## [What is needed]
After locating "#30=VERTEX_POINT('',#29);" in the listing below, copy that line and each one after it exactly, ending with the line that has "#50=AXIS2_PLACEMENT_3D('',#47,#48,#49);".

━━ Input material ━━

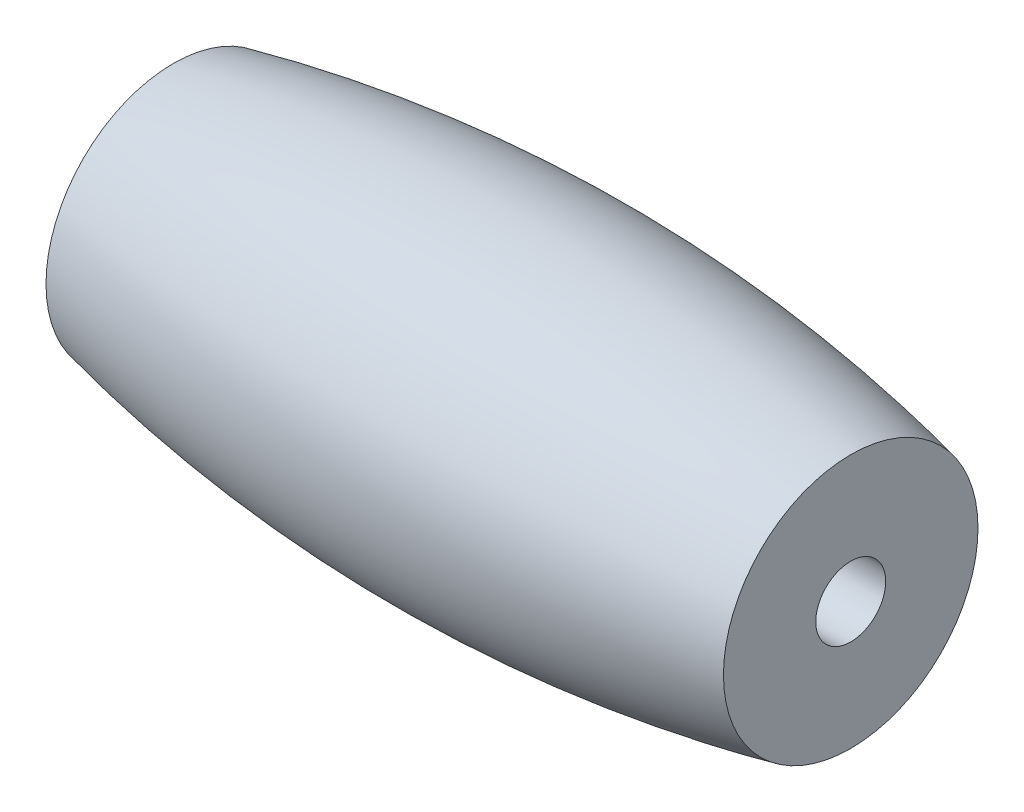
ISO-10303-21;
HEADER;
FILE_DESCRIPTION(('STEP AP214'),'2;1');
FILE_NAME('part.step','',(''),(''),'','','');
FILE_SCHEMA(('AUTOMOTIVE_DESIGN { 1 0 10303 214 1 1 1 1 }'));
ENDSEC;
DATA;
#1=APPLICATION_CONTEXT('core data for automotive mechanical design processes');
#2=APPLICATION_PROTOCOL_DEFINITION('international standard','automotive_design',2000,#1);
#3=PRODUCT_CONTEXT('',#1,'mechanical');
#4=PRODUCT('Part','Part','',(#3));
#5=PRODUCT_RELATED_PRODUCT_CATEGORY('part','',(#4));
#6=PRODUCT_DEFINITION_FORMATION('','',#4);
#7=PRODUCT_DEFINITION_CONTEXT('part definition',#1,'design');
#8=PRODUCT_DEFINITION('design','',#6,#7);
#9=PRODUCT_DEFINITION_SHAPE('','',#8);
#10=(LENGTH_UNIT() NAMED_UNIT(*) SI_UNIT(.MILLI.,.METRE.));
#11=(NAMED_UNIT(*) PLANE_ANGLE_UNIT() SI_UNIT($,.RADIAN.));
#12=(NAMED_UNIT(*) SI_UNIT($,.STERADIAN.) SOLID_ANGLE_UNIT());
#13=UNCERTAINTY_MEASURE_WITH_UNIT(LENGTH_MEASURE(1.E-05),#10,'distance_accuracy_value','');
#14=(GEOMETRIC_REPRESENTATION_CONTEXT(3) GLOBAL_UNCERTAINTY_ASSIGNED_CONTEXT((#13)) GLOBAL_UNIT_ASSIGNED_CONTEXT((#10,
#11,#12)) REPRESENTATION_CONTEXT('',''));
#15=CARTESIAN_POINT('',(0.,0.,0.));
#16=DIRECTION('',(0.,0.,1.));
#17=DIRECTION('',(1.,0.,0.));
#18=AXIS2_PLACEMENT_3D('',#15,#16,#17);
#19=CARTESIAN_POINT('',(-15.5,5.8237248385031,0.));
#20=DIRECTION('',(1.,0.,0.));
#21=DIRECTION('',(0.,0.,-1.));
#22=AXIS2_PLACEMENT_3D('',#19,#20,#21);
#23=PLANE('',#22);
#24=CARTESIAN_POINT('',(-15.5,0.,0.));
#25=DIRECTION('',(-1.,0.,0.));
#26=DIRECTION('',(0.,0.,1.));
#27=AXIS2_PLACEMENT_3D('',#24,#25,#26);
#28=CIRCLE('',#27,1.6);
#29=CARTESIAN_POINT('',(-15.5,0.,1.6));
#30=VERTEX_POINT('',#29);
#31=EDGE_CURVE('E10',#30,#30,#28,.T.);
#32=ORIENTED_EDGE('',*,*,#31,.F.);
#33=EDGE_LOOP('',(#32));
#34=FACE_BOUND('',#33,.T.);
#35=CARTESIAN_POINT('',(-15.5,0.,0.));
#36=DIRECTION('',(-1.,0.,0.));
#37=DIRECTION('',(0.,0.,1.));
#38=AXIS2_PLACEMENT_3D('',#35,#36,#37);
#39=CIRCLE('',#38,5.8237248385031);
#40=CARTESIAN_POINT('',(-15.5,0.,5.8237248385031));
#41=VERTEX_POINT('',#40);
#42=EDGE_CURVE('E60',#41,#41,#39,.T.);
#43=ORIENTED_EDGE('',*,*,#42,.T.);
#44=EDGE_LOOP('',(#43));
#45=FACE_BOUND('',#44,.T.);
#46=ADVANCED_FACE('F43',(#34,#45),#23,.F.);
#47=CARTESIAN_POINT('',(-31.,0.,0.));
#48=DIRECTION('',(-1.,0.,0.));
#49=DIRECTION('',(0.,0.,1.));
#50=AXIS2_PLACEMENT_3D('',#47,#48,#49);
#51=CYLINDRICAL_SURFACE('',#50,1.6);
#52=CARTESIAN_POINT('',(15.5,0.,0.));
#53=DIRECTION('',(-1.,0.,0.));
#54=DIRECTION('',(0.,0.,1.));
#55=AXIS2_PLACEMENT_3D('',#52,#53,#54);
#56=CIRCLE('',#55,1.6);
#57=CARTESIAN_POINT('',(15.5,0.,1.6));
#58=VERTEX_POINT('',#57);
#59=EDGE_CURVE('E50',#58,#58,#56,.T.);
#60=ORIENTED_EDGE('',*,*,#59,.F.);
#61=EDGE_LOOP('',(#60));
#62=FACE_BOUND('',#61,.T.);
#63=ORIENTED_EDGE('',*,*,#31,.T.);
#64=EDGE_LOOP('',(#63));
#65=FACE_BOUND('',#64,.T.);
#66=ADVANCED_FACE('F76',(#62,#65),#51,.F.);
#67=CARTESIAN_POINT('',(15.5,1.6,0.));
#68=DIRECTION('',(-1.,0.,0.));
#69=DIRECTION('',(0.,0.,1.));
#70=AXIS2_PLACEMENT_3D('',#67,#68,#69);
#71=PLANE('',#70);
#72=CARTESIAN_POINT('',(15.5,0.,0.));
#73=DIRECTION('',(-1.,0.,0.));
#74=DIRECTION('',(0.,0.,1.));
#75=AXIS2_PLACEMENT_3D('',#72,#73,#74);
#76=CIRCLE('',#75,5.8237248385031);
#77=CARTESIAN_POINT('',(15.5,0.,5.8237248385031));
#78=VERTEX_POINT('',#77);
#79=EDGE_CURVE('E55',#78,#78,#76,.T.);
#80=ORIENTED_EDGE('',*,*,#79,.F.);
#81=EDGE_LOOP('',(#80));
#82=FACE_BOUND('',#81,.T.);
#83=ORIENTED_EDGE('',*,*,#59,.T.);
#84=EDGE_LOOP('',(#83));
#85=FACE_BOUND('',#84,.T.);
#86=ADVANCED_FACE('F71',(#82,#85),#71,.F.);
#87=CARTESIAN_POINT('',(0.,0.,0.));
#88=DIRECTION('',(-1.,0.,0.));
#89=DIRECTION('',(0.,0.,1.));
#90=AXIS2_PLACEMENT_3D('',#87,#88,#89);
#91=DEGENERATE_TOROIDAL_SURFACE('',#90,65.,72.5,.F.);
#92=ORIENTED_EDGE('',*,*,#42,.F.);
#93=EDGE_LOOP('',(#92));
#94=FACE_BOUND('',#93,.T.);
#95=ORIENTED_EDGE('',*,*,#79,.T.);
#96=EDGE_LOOP('',(#95));
#97=FACE_BOUND('',#96,.T.);
#98=ADVANCED_FACE('F68',(#94,#97),#91,.F.);
#99=CLOSED_SHELL('',(#46,#66,#86,#98));
#100=MANIFOLD_SOLID_BREP('B2',#99);
#101=ADVANCED_BREP_SHAPE_REPRESENTATION('',(#18,#100),#14);
#102=SHAPE_DEFINITION_REPRESENTATION(#9,#101);
ENDSEC;
END-ISO-10303-21;

━━━

## [Output of the exercise]
#30=VERTEX_POINT('',#29);
#31=EDGE_CURVE('E10',#30,#30,#28,.T.);
#32=ORIENTED_EDGE('',*,*,#31,.F.);
#33=EDGE_LOOP('',(#32));
#34=FACE_BOUND('',#33,.T.);
#35=CARTESIAN_POINT('',(-15.5,0.,0.));
#36=DIRECTION('',(-1.,0.,0.));
#37=DIRECTION('',(0.,0.,1.));
#38=AXIS2_PLACEMENT_3D('',#35,#36,#37);
#39=CIRCLE('',#38,5.8237248385031);
#40=CARTESIAN_POINT('',(-15.5,0.,5.8237248385031));
#41=VERTEX_POINT('',#40);
#42=EDGE_CURVE('E60',#41,#41,#39,.T.);
#43=ORIENTED_EDGE('',*,*,#42,.T.);
#44=EDGE_LOOP('',(#43));
#45=FACE_BOUND('',#44,.T.);
#46=ADVANCED_FACE('F43',(#34,#45),#23,.F.);
#47=CARTESIAN_POINT('',(-31.,0.,0.));
#48=DIRECTION('',(-1.,0.,0.));
#49=DIRECTION('',(0.,0.,1.));
#50=AXIS2_PLACEMENT_3D('',#47,#48,#49);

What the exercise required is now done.